▶ _Task item_: Line by line, copy the entries exactly, excluding the pictures.

▶ _Provided data_:
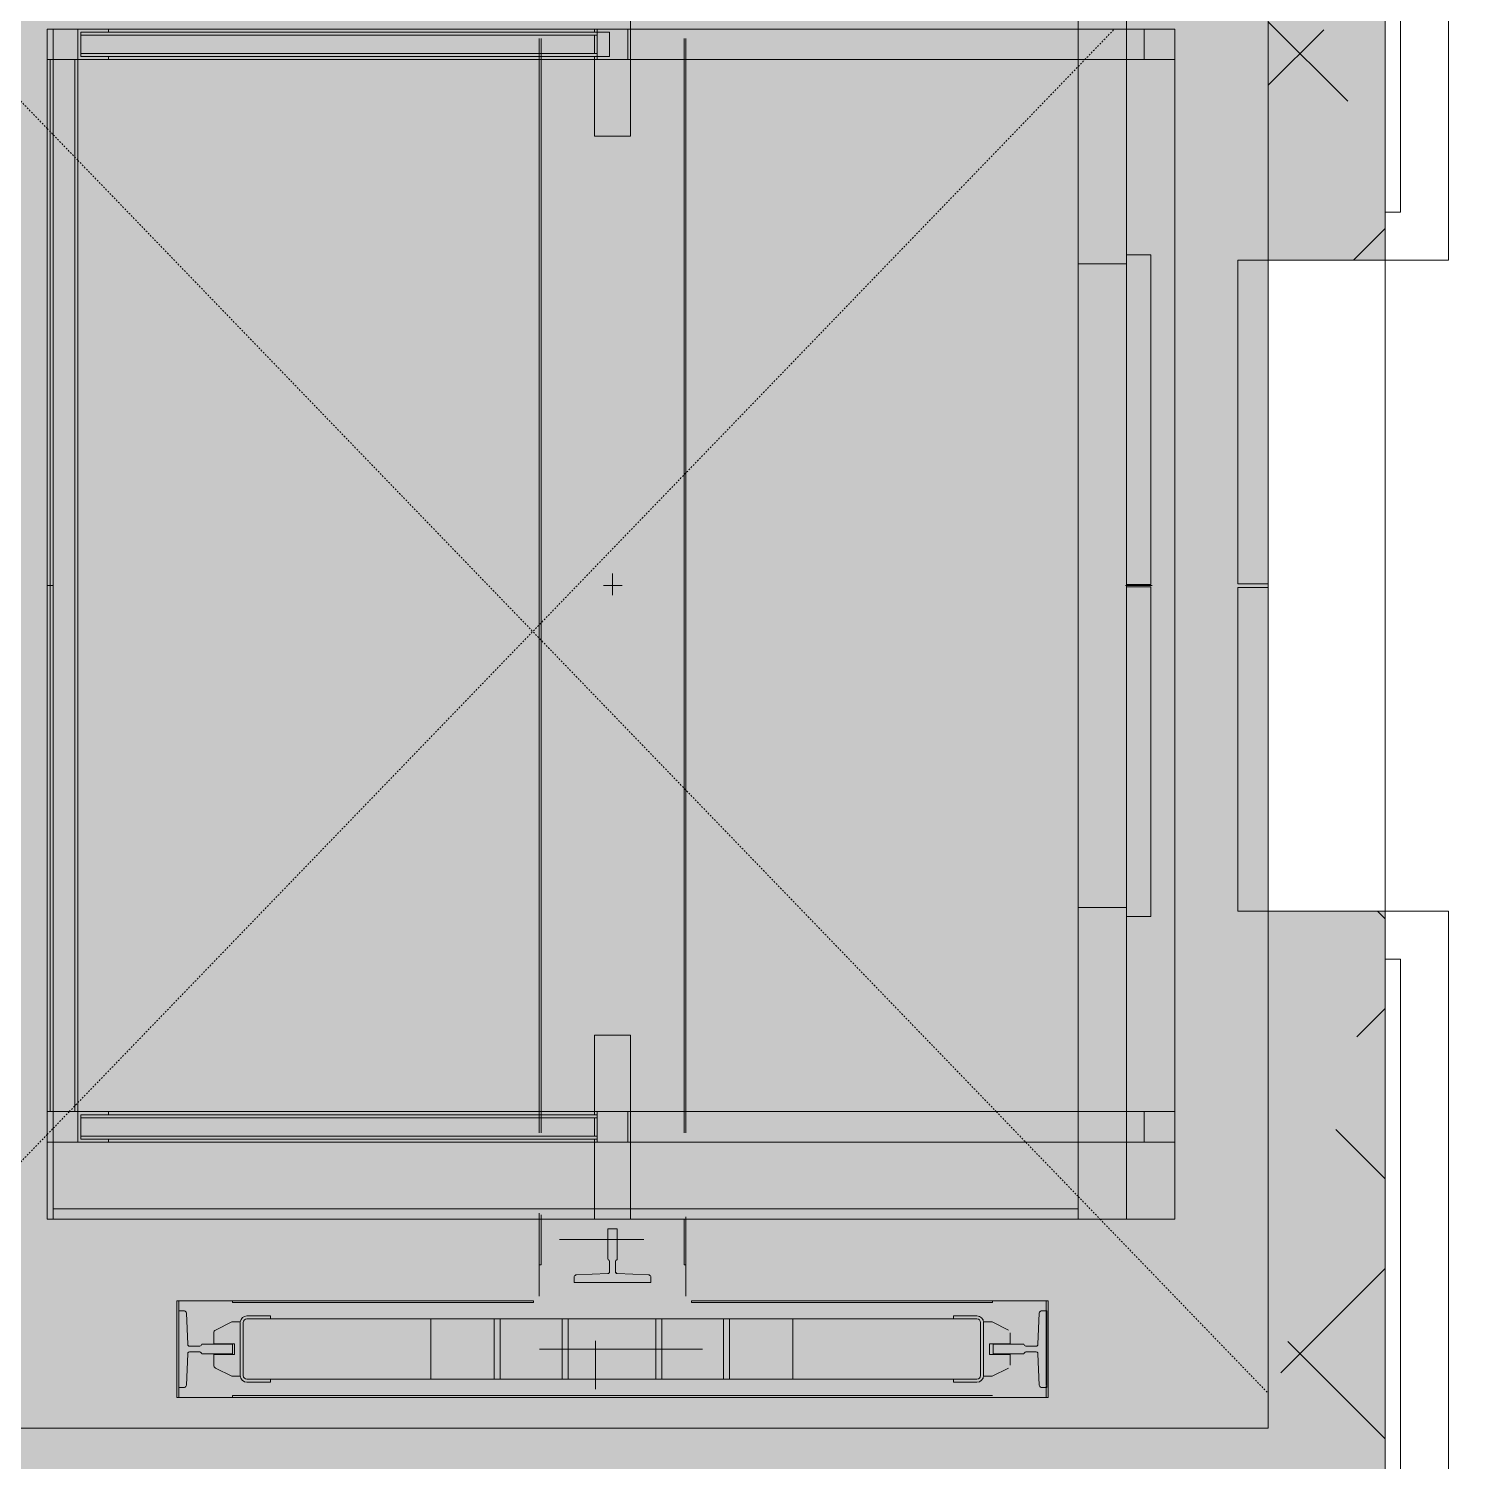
# Model space of a CAD drawing. Header units: inches. Extents: x -449 to 330, y -482 to 598.
# Drawn here: x -125.4 to -30.7, y 171.2 to 264.7 of the extents above; entities that cross this region are included whole.
import ezdxf

# ---------------------------------------------------------------- set-up
doc = ezdxf.new("R2010")
doc.units = ezdxf.units.IN
doc.header["$MEASUREMENT"] = 0
doc.linetypes.add('Overhead_2_', pattern=[0.15625, 0.09375, -0.0625])
for name, color, linetype, lineweight in [('A-DETL', 90, 'Continuous', 9), ('A-DETL-GENF', 92, 'Continuous', 9), ('A-DETL-MEDM', 33, 'Continuous', 9), ('A-DOOR', 31, 'Continuous', 9), ('A-FLOR-OVHD', 1, 'Overhead_2_', 9), ('A-WALL', 113, 'Continuous', 13), ('A-WALL-PATT', 111, 'Continuous', 13), ('I-WALL', 2, 'Continuous', 9), ('Q-SPCQ', 91, 'Continuous', 9)]:
    doc.layers.add(name, color=color, linetype=linetype, lineweight=lineweight)

# ---------------------------------------------------------------- blocks, each defined once
blk = doc.blocks.new('Elevator Door-Center - 42_ x 96_-711840-Test Fit - Second Floor Plan')
at = {"layer": 'Q-SPCQ'}
for p, q in [((-4.028, 5.812), (-25.153, 5.812)), ((-25.153, 5.812), (-4.028, 5.812)), ((-25.153, 5.812), (-25.153, 3.812)), ((-25.153, 5.812), (-25.153, 3.812)), ((-4.028, 3.812), (-4.028, 5.812)), ((-4.028, 5.812), (-4.028, 3.812)), ((-3.778, 5.812), (17.347, 5.812)), ((17.347, 5.812), (-3.778, 5.812)), ((-3.778, 3.812), (-3.778, 5.812)), ((-3.778, 5.812), (-3.778, 3.812)), ((17.347, 5.812), (17.347, 3.812)), ((17.347, 5.812), (17.347, 3.812)), ((-4.028, 3.812), (-25.153, 3.812)), ((17.347, 3.812), (-3.778, 3.812))]:
    blk.add_line(p, q, dxfattribs=at)
blk = doc.blocks.new('Hecht_PAD_AA-Arch_detached_rvt-1-Test Fit - Second Floor Plan')
at = {"layer": 'A-WALL-PATT'}
h = blk.add_hatch(dxfattribs=at)
h.set_pattern_fill('FP_17', color=256, style=0, pattern_type=2)
h.set_pattern_definition([(45, (0, 0), (-8.4853, 8.4853), []), (135, (0, 0), (-8.4853, -8.4853), [])])
h.paths.add_polyline_path([(-42.112, 165.706), (-36.862, 165.706), (-36.862, 207.073), (-44.487, 207.073), (-37.508, 204.213), (-44.487, 173.331), (-44.487, 165.706)], flags=0)
h.paths.add_polyline_path([(-42.112, 249.573), (-36.862, 249.573), (-36.862, 252.698), (-44.487, 275.331), (-44.487, 249.573)], flags=0)
at = {"layer": 'A-FLOR-OVHD'}
for p, q in [((-140.487, 275.057), (-124.172, 258.155)), ((-56.462, 262.651), (-54.531, 264.651)), ((-56.888, 262.209), (-56.462, 262.651)), ((-122.172, 194.579), (-56.888, 262.209)), ((-124.172, 258.155), (-123.778, 257.747)), ((-123.778, 257.747), (-122.172, 256.083)), ((-122.172, 256.083), (-62.238, 193.995)), ((-122.735, 193.995), (-122.172, 194.579)), ((-123.778, 192.915), (-122.735, 193.995)), ((-62.238, 193.995), (-60.308, 191.995)), ((-140.487, 175.605), (-124.172, 192.507)), ((-124.172, 192.507), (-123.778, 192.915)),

▶ _Answer_:
# Model space of a CAD drawing. Header units: inches. Extents: x -449 to 330, y -482 to 598.
# Drawn here: x -125.4 to -30.7, y 171.2 to 264.7 of the extents above; entities that cross this region are included whole.
import ezdxf

# ---------------------------------------------------------------- set-up
doc = ezdxf.new("R2010")
doc.units = ezdxf.units.IN
doc.header["$MEASUREMENT"] = 0
doc.linetypes.add('Overhead_2_', pattern=[0.15625, 0.09375, -0.0625])
for name, color, linetype, lineweight in [('A-DETL', 90, 'Continuous', 9), ('A-DETL-GENF', 92, 'Continuous', 9), ('A-DETL-MEDM', 33, 'Continuous', 9), ('A-DOOR', 31, 'Continuous', 9), ('A-FLOR-OVHD', 1, 'Overhead_2_', 9), ('A-WALL', 113, 'Continuous', 13), ('A-WALL-PATT', 111, 'Continuous', 13), ('I-WALL', 2, 'Continuous', 9), ('Q-SPCQ', 91, 'Continuous', 9)]:
    doc.layers.add(name, color=color, linetype=linetype, lineweight=lineweight)

# ---------------------------------------------------------------- blocks, each defined once
blk = doc.blocks.new('Elevator Door-Center - 42_ x 96_-711840-Test Fit - Second Floor Plan')
at = {"layer": 'Q-SPCQ'}
for p, q in [((-4.028, 5.812), (-25.153, 5.812)), ((-25.153, 5.812), (-4.028, 5.812)), ((-25.153, 5.812), (-25.153, 3.812)), ((-25.153, 5.812), (-25.153, 3.812)), ((-4.028, 3.812), (-4.028, 5.812)), ((-4.028, 5.812), (-4.028, 3.812)), ((-3.778, 5.812), (17.347, 5.812)), ((17.347, 5.812), (-3.778, 5.812)), ((-3.778, 3.812), (-3.778, 5.812)), ((-3.778, 5.812), (-3.778, 3.812)), ((17.347, 5.812), (17.347, 3.812)), ((17.347, 5.812), (17.347, 3.812)), ((-4.028, 3.812), (-25.153, 3.812)), ((17.347, 3.812), (-3.778, 3.812))]:
    blk.add_line(p, q, dxfattribs=at)
blk = doc.blocks.new('Hecht_PAD_AA-Arch_detached_rvt-1-Test Fit - Second Floor Plan')
at = {"layer": 'A-WALL-PATT'}
h = blk.add_hatch(dxfattribs=at)
h.set_pattern_fill('FP_17', color=256, style=0, pattern_type=2)
h.set_pattern_definition([(45, (0, 0), (-8.4853, 8.4853), []), (135, (0, 0), (-8.4853, -8.4853), [])])
h.paths.add_polyline_path([(-42.112, 165.706), (-36.862, 165.706), (-36.862, 207.073), (-44.487, 207.073), (-37.508, 204.213), (-44.487, 173.331), (-44.487, 165.706)], flags=0)
h.paths.add_polyline_path([(-42.112, 249.573), (-36.862, 249.573), (-36.862, 252.698), (-44.487, 275.331), (-44.487, 249.573)], flags=0)
at = {"layer": 'A-FLOR-OVHD'}
for p, q in [((-140.487, 275.057), (-124.172, 258.155)), ((-56.462, 262.651), (-54.531, 264.651)), ((-56.888, 262.209), (-56.462, 262.651)), ((-122.172, 194.579), (-56.888, 262.209)), ((-124.172, 258.155), (-123.778, 257.747)), ((-123.778, 257.747), (-122.172, 256.083)), ((-122.172, 256.083), (-62.238, 193.995)), ((-122.735, 193.995), (-122.172, 194.579)), ((-123.778, 192.915), (-122.735, 193.995)), ((-62.238, 193.995), (-60.308, 191.995)), ((-140.487, 175.605), (-124.172, 192.507)), ((-124.172, 192.507), (-123.778, 192.915)),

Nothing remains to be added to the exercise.